Any other idea or question is welcome, I just want to hear what you guys think and learn in the process. Let's have fun!


----------



## Merlin (Feb 23, 2009)

amagras said:


> I don't know if you guys have discussed this before but it seem like there are diverse opinions on this topic and a good Canadian thread will probably be appreciated by many.
> 
> -How much do you get paid for playing in a bar?


Depends. I do a once a month bar gig in Toronto with a 14 piece band that pays the door. On average, it's $50. Let's call that my minimum.



amagras said:


> -How much for recording a song in a studio?


$150 minimum for a 3 hour session



amagras said:


> -How much for recording in your own studio?


Well, that's usually for me, so I do it gratis, 'cos I can take it out in trade!



amagras said:


> -How much for playing a festival?


$200/musician + HST; double for the leader



amagras said:


> -How much to be a hired gun or for a last minute replace?


Depends on the situation.



amagras said:


> -How much to work in USA for example?


$300/service, plus all transportation, accomodation and food expense covered, as well as the cost of the P2 Visa.



amagras said:


> Any other idea or question is welcome, I just want to hear what you guys think and learn in the process. Let's have fun!


----------



## amagras (Apr 22, 2015)

Thank you @Merlin for going through all the questions. What do you mean by 300/service?


----------



## Merlin (Feb 23, 2009)

Rehearsals, gigs, appearances = a service.


----------



## Budda (May 29, 2007)

I think it really depends on type of music for some of these things. Festivals pay best in my limited experience (the only "session work" I've done was for free for friends).


----------



## ronmac (Sep 22, 2006)

In all cases you get what you negotiate, not what you deserve.


----------



## zontar (Oct 25, 2007)

ronmac said:


> In all cases you get what you negotiate, not what you deserve.

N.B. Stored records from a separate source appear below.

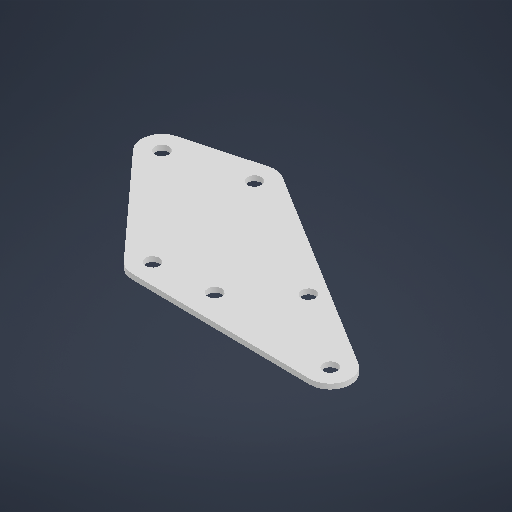
# Autodesk Inventor part: newsidepolytest
Saved by Autodesk Inventor 2025.2 (Build 292293000, 293)
## iProperties
Created: 2025-04-03
Part Number: newsidepolytest
Material: Generic
Document SubType Name: Modeling
Designer: Jahan
Density: 1 g/cm^3
Appearance: Default
Author: Jahan
Autodesk Inventor part; units mm, degrees
ref_plane "YZ Plane" through (0, 0, 0) normal (1, 0, 0) x (0, 1, 0)
ref_plane "XZ Plane" through (0, 0, 0) normal (0, 1, 0) x (-1, 0, 0)
ref_plane "XY Plane" through (0, 0, 0) normal (0, 0, 1) x (1, 0, 0)
sketch "Sketch1" plane through (0, 0, 0) normal (0, 1, 0) x (-1, 0, 0)
  circle A0 centre (-15.2763, 11.7192) radius 2.1844
  circle A1 centre (46.1983, -4.1823) radius 2.1844
  circle A2 centre (-0.2854, 25.8488) radius 2.1844
  circle A3 centre (17.6488, 27.2646) radius 2.1844
  circle A4 centre (23.5893, -10.3689) radius 2.1844
  circle A5 centre (-38.3261, 27.9733) radius 2.1844
  circle A6 centre (-38.3261, 27.9733) radius 6.35
  circle A7 centre (23.5893, -10.3689) radius 6.35
  line L0 (-41.6694, 22.5746) -> (20.246, -15.7676)
  circle A8 centre (17.6488, 27.2646) radius 6.35
  line L1 (17.7292, 33.6141) -> (-38.2458, 34.3228)
  circle A9 centre (46.1983, -4.1823) radius 6.35
  line L2 (50.8998, 0.086) -> (22.3503, 31.5329)
  line L3 (47.8742, -10.3072) -> (25.2652, -16.4937)
  point P0 (0, 0)
  point P1 (21.7554, 32.108)
  point P2 (24.1332, -16.6956)
  dimension "d0" = 12.7
  dimension "d1" = 12.7
  dimension "d2" = 12.7
  dimension "d10" = 12.7
  constraints: 10 centre point, 10 point on circle, 8 end point, 8 tangent, 4 coincident
  measures "d0" diameter of A6
  measures "d1" diameter of A7
  measures "d2" diameter of A8
  measures "d10" diameter of A9
extrude "Extrusion1" add sketch "Sketch1" along normal blind 1.5875
body "Solid1"

So sometimes you come out ahead & sometimes behind?


----------



## amagras (Apr 22, 2015)

I found more questions: 

-Do you sell music online?
-How often do you buy music online?


----------



## Budda (May 29, 2007)

amagras said:


> I found more questions:
> 
> -Do you sell music online?
> -How often do you buy music online?


The band sells music online. I distribute my own music online for free via soundcloud (previously soundclick, which still exists but I don't use the account anymore).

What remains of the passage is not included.